▶ [Task inputs]:
□ □ □ □ □ □ □

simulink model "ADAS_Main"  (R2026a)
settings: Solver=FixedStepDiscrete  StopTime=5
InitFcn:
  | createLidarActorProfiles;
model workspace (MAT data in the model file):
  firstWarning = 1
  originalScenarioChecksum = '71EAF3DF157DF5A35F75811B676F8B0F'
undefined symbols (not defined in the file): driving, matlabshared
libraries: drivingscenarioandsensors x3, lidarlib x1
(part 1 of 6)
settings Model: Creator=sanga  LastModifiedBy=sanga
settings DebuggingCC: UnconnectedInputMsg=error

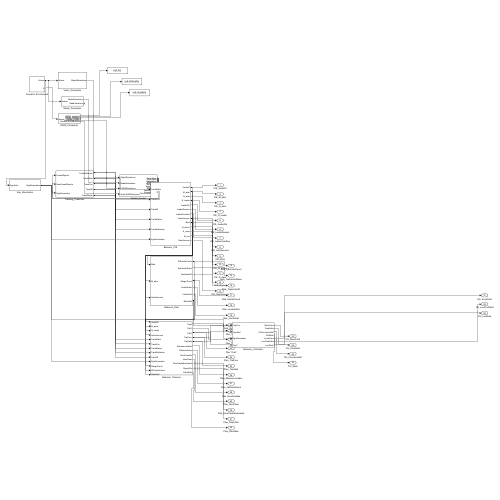
[thumbnail: Simulink's stored preview of the top-level diagram]
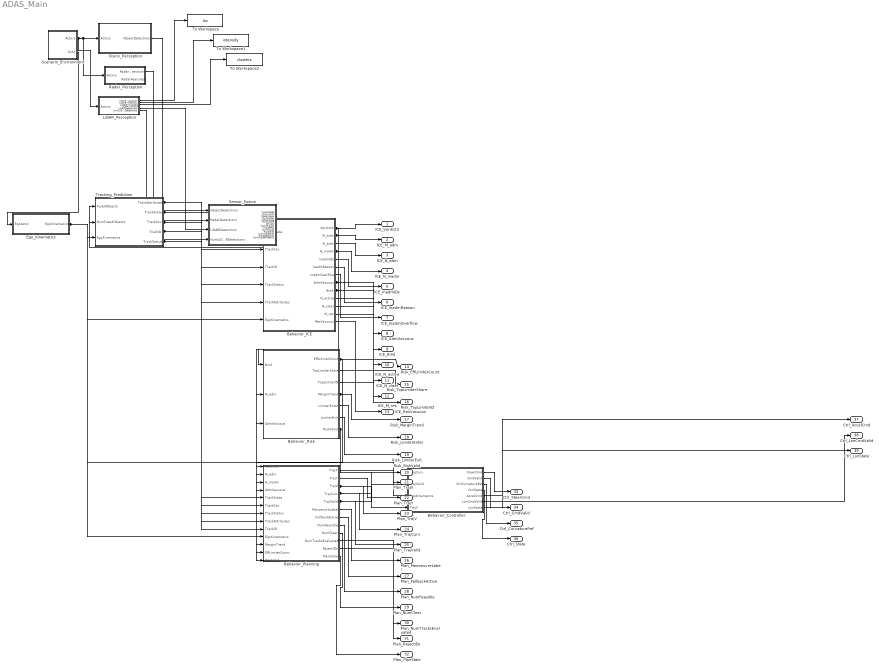
== system ADAS_Main ==
  Behavior_Controller : Subsystem
  Behavior_ICE : Subsystem
  Behavior_Planning : Subsystem
  Behavior_Risk : Subsystem
  Ego_Kinematics : Subsystem
  LiDAR_Perception : Subsystem
  Radar_Perception : Subsystem
  Scenario_Environment : Subsystem
  Sensor_Fusion : Subsystem
  To Workspace : ToWorkspace  VariableName=loc  SaveFormat=Timeseries  SampleTime=-1
  To Workspace1 : ToWorkspace  VariableName=intensity  SaveFormat=Timeseries  SampleTime=-1
  To Workspace2 : ToWorkspace  VariableName=clusters  SaveFormat=Timeseries  SampleTime=-1
  Tracking_Prediction : Subsystem
  Vision_Perception : Subsystem
  ICE_Verdict3 : Outport
  ICE_M_adm : Outport  Port=2
  ICE_N_adm : Outport  Port=3
  ICE_N_inadm : Outport  Port=4
  ICE_InadmIDs : Outport  Port=5
  ICE_InadmReason : Outport  Port=6
  ICE_InadmOverflow : Outport  Port=7
  ICE_AdmVacuous : Outport  Port=8
  ICE_Bind : Outport  Port=9
  ICE_N_active : Outport  Port=10
  ICE_N_clear : Outport  Port=11
  ICE_M_res : Outport  Port=12
  ICE_ResVacuous : Outport  Port=13
  Risk_EffLimiterCount : Outport  Port=14
  Risk_TopLimiterShare : Outport  Port=15
  Risk_TopLimiterID : Outport  Port=16
  Risk_MarginTrend : Outport  Port=17
  Risk_LimiterEnter : Outport  Port=18
  Risk_LimiterExit : Outport  Port=19
  Risk_RiskValid : Outport  Port=20
  Plan_TrajX : Outport  Port=21
  Plan_TrajY : Outport  Port=22
  Plan_TrajV : Outport  Port=23
  Plan_TrajCurv : Outport  Port=24
  Plan_TrajValid : Outport  Port=25
  Plan_ManoeuvreLabel : Outport  Port=26
  Plan_FallbackActive : Outport  Port=27
  Plan_NumFeasible : Outport  Port=28
  Plan_NumClear : Outport  Port=29
  Plan_NumTracksEvaluated : Outport  Port=30
  Plan_RejectIDs : Outport  Port=31
  Plan_PlanStale : Outport  Port=32
  Ctrl_SteerCmd : Outport  Port=33
  Ctrl_CmdValid : Outport  Port=34
  Ctrl_CurvatureRef : Outport  Port=35
  Ctrl_State : Outport  Port=36
  Ctrl_AccelCmd : Outport  Port=37
  Ctrl_LonCmdValid : Outport  Port=38
  Ctrl_LonState : Outport  Port=39
  wires:
  Scenario_Environment/1(Actors) -> Radar_Perception/1(Actors), Vision_Perception/1(Actors), LiDAR_Perception/1(Actors)
  LiDAR_Perception/1(LiDAR_Location) -> To Workspace/1
  LiDAR_Perception/2(LiDAR_Intensity) -> To Workspace1/1
  LiDAR_Perception/3(LiDAR_Clusters) -> To Workspace2/1
  Vision_Perception/1(ObjectDetections) -> Sensor_Fusion/1(ObjectDetections)
  Radar_Perception/1(RadarDetections) -> Sensor_Fusion/2(RadarDetections)
  LiDAR_Perception/5(LiDARDetections) -> Sensor_Fusion/3(LiDARDetections)
  LiDAR_Perception/6(NumLiDARDetections) -> Sensor_Fusion/4(NumLiDARDetections)
  Scenario_Environment/2(Out2) -> Ego_Kinematics/1(EgoActor)
  Sensor_Fusion/13(FusedObjects) -> Tracking_Prediction/1(FusedObjects)
  Sensor_Fusion/14(NumFusedObjects) -> Tracking_Prediction/2(NumFusedObjects)
  Ego_Kinematics/1(EgoKinematics) -> Tracking_Prediction/3(EgoKinematics), Behavior_ICE/6(EgoKinematics), Behavior_Planning/10(EgoKinematics), Behavior_Controller/3(EgoKinematics)
  Tracking_Prediction/2(TrackState) -> Behavior_ICE/1(TrackState), Behavior_Planning/5(TrackState)
  Tracking_Prediction/3(TrackCov) -> Behavior_ICE/2(TrackCov), Behavior_Planning/6(TrackCov)
  Tracking_Prediction/4(TrackID) -> Behavior_ICE/3(TrackID), Behavior_Planning/9(TrackID)
  Tracking_Prediction/5(TrackStatus) -> Behavior_ICE/4(TrackStatus), Behavior_Planning/7(TrackStatus)
  Tracking_Prediction/1(TrackAttributes) -> Behavior_ICE/5(TrackAttributes), Behavior_Planning/8(TrackAttributes)
  Behavior_ICE/1(Verdict3) -> ICE_Verdict3/1, Behavior_Planning/1(Verdict3)
  Behavior_ICE/2(M_adm) -> ICE_M_adm/1, Behavior_Risk/2(M_adm), Behavior_Planning/2(M_adm)
  Behavior_ICE/3(N_adm) -> ICE_N_adm/1
  Behavior_ICE/4(N_inadm) -> ICE_N_inadm/1, Behavior_Planning/3(N_inadm)
  Behavior_ICE/5(InadmIDs) -> ICE_InadmIDs/1
  Behavior_ICE/6(InadmReason) -> ICE_InadmReason/1
  Behavior_ICE/7(InadmOverflow) -> ICE_InadmOverflow/1
  Behavior_ICE/8(AdmVacuous) -> ICE_AdmVacuous/1, Behavior_Risk/3(AdmVacuous), Behavior_Planning/4(AdmVacuous)
  Behavior_ICE/9(Bind) -> ICE_Bind/1, Behavior_Risk/1(Bind)
  Behavior_ICE/10(N_active) -> ICE_N_active/1
  Behavior_ICE/11(N_clear) -> ICE_N_clear/1
  Behavior_ICE/12(M_res) -> ICE_M_res/1
  Behavior_ICE/13(ResVacuous) -> ICE_ResVacuous/1
  Behavior_Risk/1(EffLimiterCount) -> Risk_EffLimiterCount/1, Behavior_Planning/12(EffLimiterCount)
  Behavior_Risk/2(TopLimiterShare) -> Risk_TopLimiterShare/1
  Behavior_Risk/3(TopLimiterID) -> Risk_TopLimiterID/1
  Behavior_Risk/4(MarginTrend) -> Risk_MarginTrend/1, Behavior_Planning/11(MarginTrend)
  Behavior_Risk/5(LimiterEnter) -> Risk_LimiterEnter/1
  Behavior_Risk/6(LimiterExit) -> Risk_LimiterExit/1
  Behavior_Risk/7(RiskValid) -> Risk_RiskValid/1, Behavior_Planning/13(RiskValid)
  Behavior_Planning/1(TrajX) -> Plan_TrajX/1
  Behavior_Planning/2(TrajY) -> Plan_TrajY/1
  Behavior_Planning/3(TrajV) -> Plan_TrajV/1, Behavior_Controller/4(TrajV)
  Behavior_Planning/4(TrajCurv) -> Plan_TrajCurv/1, Behavior_Controller/1(TrajCurv)
  Behavior_Planning/5(TrajValid) -> Plan_TrajValid/1, Behavior_Controller/2(TrajValid)
  Behavior_Planning/6(ManoeuvreLabel) -> Plan_ManoeuvreLabel/1
  Behavior_Planning/7(FallbackActive) -> Plan_FallbackActive/1
  Behavior_Planning/8(NumFeasible) -> Plan_NumFeasible/1
  Behavior_Planning/9(NumClear) -> Plan_NumClear/1
  Behavior_Planning/10(NumTracksEvaluated) -> Plan_NumTracksEvaluated/1
  Behavior_Planning/11(RejectIDs) -> Plan_RejectIDs/1
  Behavior_Planning/12(PlanStale) -> Plan_PlanStale/1
  Behavior_Controller/1(SteerCmd) -> Ctrl_SteerCmd/1
  Behavior_Controller/2(CmdValid) -> Ctrl_CmdValid/1
  Behavior_Controller/3(CtrlCurvatureRef) -> Ctrl_CurvatureRef/1
  Behavior_Controller/4(CtrlState) -> Ctrl_State/1
  Behavior_Controller/5(AccelCmd) -> Ctrl_AccelCmd/1
  Behavior_Controller/6(LonCmdValid) -> Ctrl_LonCmdValid/1
  Behavior_Controller/7(LonState) -> Ctrl_LonState/1

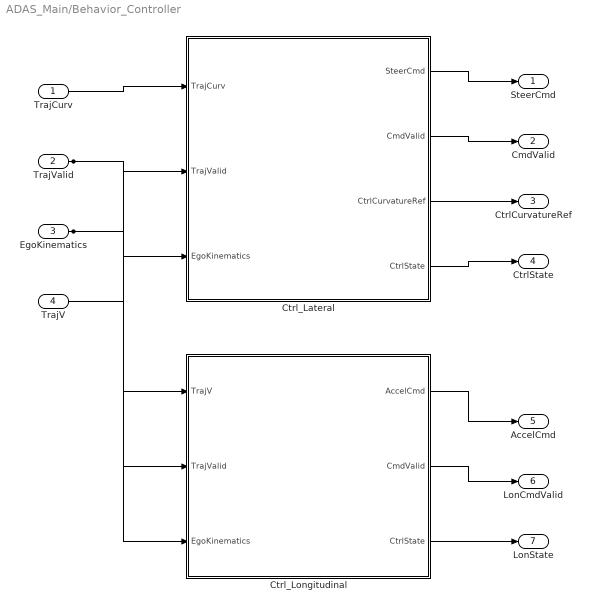
== system ADAS_Main/Behavior_Controller ==
  TrajCurv : Inport
  TrajValid : Inport  Port=2
  EgoKinematics : Inport  Port=3
  TrajV : Inport  Port=4
  Ctrl_Lateral : MATLAB Function  TreatAsAtomicUnit=on
  Ctrl_Longitudinal : MATLAB Function  TreatAsAtomicUnit=on
  SteerCmd : Outport
  CmdValid : Outport  Port=2
  CtrlCurvatureRef : Outport  Port=3
  CtrlState : Outport  Port=4
  AccelCmd : Outport  Port=5
  LonCmdValid : Outport  Port=6
  LonState : Outport  Port=7
  wires:
  TrajCurv/1 -> Ctrl_Lateral/1(TrajCurv)
  TrajValid/1 -> Ctrl_Lateral/2(TrajValid), Ctrl_Longitudinal/2(TrajValid)
  EgoKinematics/1 -> Ctrl_Lateral/3(EgoKinematics), Ctrl_Longitudinal/3(EgoKinematics)
  Ctrl_Lateral/1(SteerCmd) -> SteerCmd/1
  Ctrl_Lateral/2(CmdValid) -> CmdValid/1
  Ctrl_Lateral/3(CtrlCurvatureRef) -> CtrlCurvatureRef/1
  Ctrl_Lateral/4(CtrlState) -> CtrlState/1
  TrajV/1 -> Ctrl_Longitudinal/1(TrajV)
  Ctrl_Longitudinal/1(AccelCmd) -> AccelCmd/1
  Ctrl_Longitudinal/2(CmdValid) -> LonCmdValid/1
  Ctrl_Longitudinal/3(CtrlState) -> LonState/1

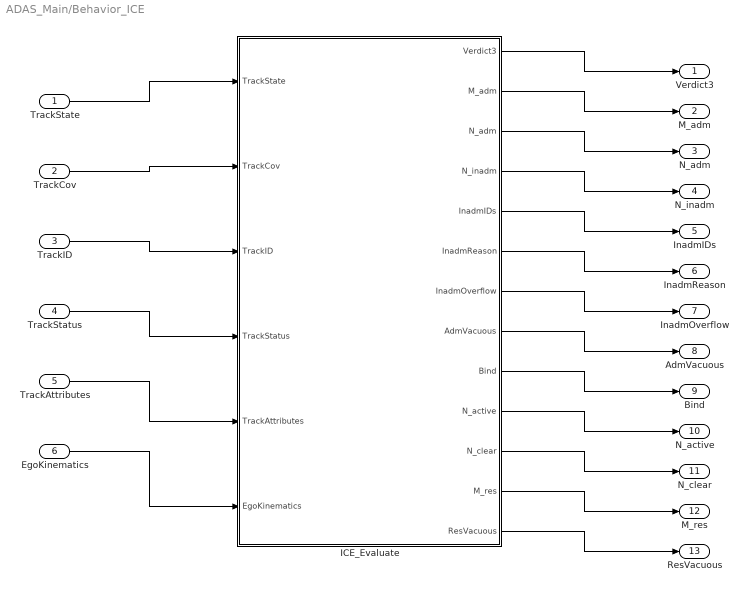
== system ADAS_Main/Behavior_ICE ==
  TrackState : Inport  OutDataTypeStr=double  PortDimensions=[512 4]
  TrackCov : Inport  Port=2  OutDataTypeStr=double  PortDimensions=[512 10]
  TrackID : Inport  Port=3  OutDataTypeStr=uint32  PortDimensions=[512 1]
  TrackStatus : Inport  Port=4  OutDataTypeStr=uint8  PortDimensions=[512 1]
  TrackAttributes : Inport  Port=5  OutDataTypeStr=double  PortDimensions=[512 4]
  EgoKinematics : Inport  Port=6  OutDataTypeStr=double  PortDimensions=[1 2]
  ICE_Evaluate : MATLAB Function  TreatAsAtomicUnit=on
  Verdict3 : Outport
  M_adm : Outport  Port=2
  N_adm : Outport  Port=3
  N_inadm : Outport  Port=4
  InadmIDs : Outport  Port=5
  InadmReason : Outport  Port=6
  InadmOverflow : Outport  Port=7
  AdmVacuous : Outport  Port=8
  Bind : Outport  Port=9
  N_active : Outport  Port=10
  N_clear : Outport  Port=11
  M_res : Outport  Port=12
  ResVacuous : Outport  Port=13
  wires:
  TrackState/1 -> ICE_Evaluate/1(TrackState)
  TrackCov/1 -> ICE_Evaluate/2(TrackCov)
  TrackID/1 -> ICE_Evaluate/3(TrackID)
  TrackStatus/1 -> ICE_Evaluate/4(TrackStatus)
  TrackAttributes/1 -> ICE_Evaluate/5(TrackAttributes)
  EgoKinematics/1 -> ICE_Evaluate/6(EgoKinematics)
  ICE_Evaluate/1(Verdict3) -> Verdict3/1
  ICE_Evaluate/2(M_adm) -> M_adm/1
  ICE_Evaluate/3(N_adm) -> N_adm/1
  ICE_Evaluate/4(N_inadm) -> N_inadm/1
  ICE_Evaluate/5(InadmIDs) -> InadmIDs/1
  ICE_Evaluate/6(InadmReason) -> InadmReason/1
  ICE_Evaluate/7(InadmOverflow) -> InadmOverflow/1
  ICE_Evaluate/8(AdmVacuous) -> AdmVacuous/1
  ICE_Evaluate/9(Bind) -> Bind/1
  ICE_Evaluate/10(N_active) -> N_active/1
  ICE_Evaluate/11(N_clear) -> N_clear/1
  ICE_Evaluate/12(M_res) -> M_res/1
  ICE_Evaluate/13(ResVacuous) -> ResVacuous/1

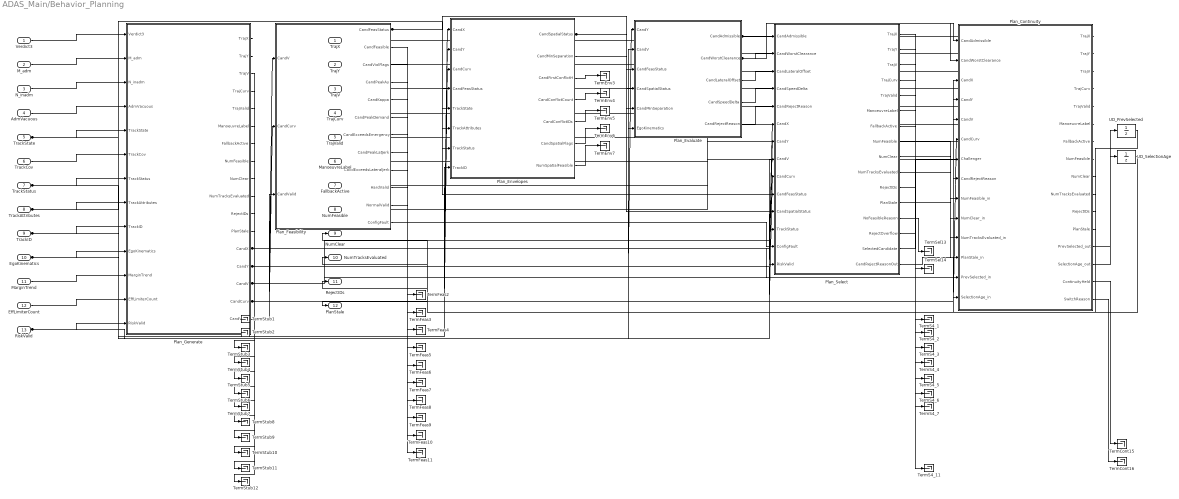
== system ADAS_Main/Behavior_Planning ==
  Verdict3 : Inport  OutDataTypeStr=int8  PortDimensions=[4 7]
  M_adm : Inport  Port=2  OutDataTypeStr=double  PortDimensions=[4 7]
  N_inadm : Inport  Port=3  OutDataTypeStr=uint16  PortDimensions=[1 1]
  AdmVacuous : Inport  Port=4  OutDataTypeStr=boolean  PortDimensions=[1 1]
  TrackState : Inport  Port=5  OutDataTypeStr=double  PortDimensions=[512 4]
  TrackCov : Inport  Port=6  OutDataTypeStr=double  PortDimensions=[512 10]
  TrackStatus : Inport  Port=7  OutDataTypeStr=uint8  PortDimensions=[512 1]
  TrackAttributes : Inport  Port=8  OutDataTypeStr=double  PortDimensions=[512 4]
  TrackID : Inport  Port=9  OutDataTypeStr=uint32  PortDimensions=[512 1]
  EgoKinematics : Inport  Port=10  OutDataTypeStr=double  PortDimensions=[1 2]
  MarginTrend : Inport  Port=11  OutDataTypeStr=double  PortDimensions=[4 7]
  EffLimiterCount : Inport  Port=12  OutDataTypeStr=double  PortDimensions=[4 1]
  RiskValid : Inport  Port=13  OutDataTypeStr=boolean  PortDimensions=[1 1]
  Plan_Continuity : MATLAB Function  TreatAsAtomicUnit=on
  Plan_Envelopes : MATLAB Function  TreatAsAtomicUnit=on
  Plan_Evaluate : MATLAB Function  TreatAsAtomicUnit=on
  Plan_Feasibility : MATLAB Function  TreatAsAtomicUnit=on
  Plan_Generate : MATLAB Function  TreatAsAtomicUnit=on
  Plan_Select : MATLAB Function  TreatAsAtomicUnit=on
  TermCont15 : Terminator
  TermCont16 : Terminator
  TermEnv{3..7} (5 alike) : Terminator
  TermFeas{2..11} (10 alike) : Terminator
  TermS4_{1..7,11} (8 alike) : Terminator
  TermSel13 : Terminator
  TermSel14 : Terminator
  TermStub{1..12} (12 alike) : Terminator
  UD_PrevSelected : UnitDelay  SampleTime=-1
  UD_SelectionAge : UnitDelay  SampleTime=-1
  TrajX : Outport
  TrajY : Outport  Port=2
  TrajV : Outport  Port=3
  TrajCurv : Outport  Port=4
  TrajValid : Outport  Port=5
  ManoeuvreLabel : Outport  Port=6
  FallbackActive : Outport  Port=7
  NumFeasible : Outport  Port=8
  NumClear : Outport  Port=9
  NumTracksEvaluated : Outport  Port=10
  RejectIDs : Outport  Port=11
  PlanStale : Outport  Port=12
  wires:
  Verdict3/1 -> Plan_Generate/1(Verdict3)
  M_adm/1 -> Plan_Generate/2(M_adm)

□ □ □ □ □ □ □

▶ [Brief]: Above are the records; repeat exactly the lines from the one holding "TrackAttributes/1 -> ICE_Evaluate/5(TrackAttributes)" down to the one holding "ICE_Evaluate/13(ResVacuous) -> ResVacuous/1", end lines included.

▶ [Answer to the problem]:
  TrackAttributes/1 -> ICE_Evaluate/5(TrackAttributes)
  EgoKinematics/1 -> ICE_Evaluate/6(EgoKinematics)
  ICE_Evaluate/1(Verdict3) -> Verdict3/1
  ICE_Evaluate/2(M_adm) -> M_adm/1
  ICE_Evaluate/3(N_adm) -> N_adm/1
  ICE_Evaluate/4(N_inadm) -> N_inadm/1
  ICE_Evaluate/5(InadmIDs) -> InadmIDs/1
  ICE_Evaluate/6(InadmReason) -> InadmReason/1
  ICE_Evaluate/7(InadmOverflow) -> InadmOverflow/1
  ICE_Evaluate/8(AdmVacuous) -> AdmVacuous/1
  ICE_Evaluate/9(Bind) -> Bind/1
  ICE_Evaluate/10(N_active) -> N_active/1
  ICE_Evaluate/11(N_clear) -> N_clear/1
  ICE_Evaluate/12(M_res) -> M_res/1
  ICE_Evaluate/13(ResVacuous) -> ResVacuous/1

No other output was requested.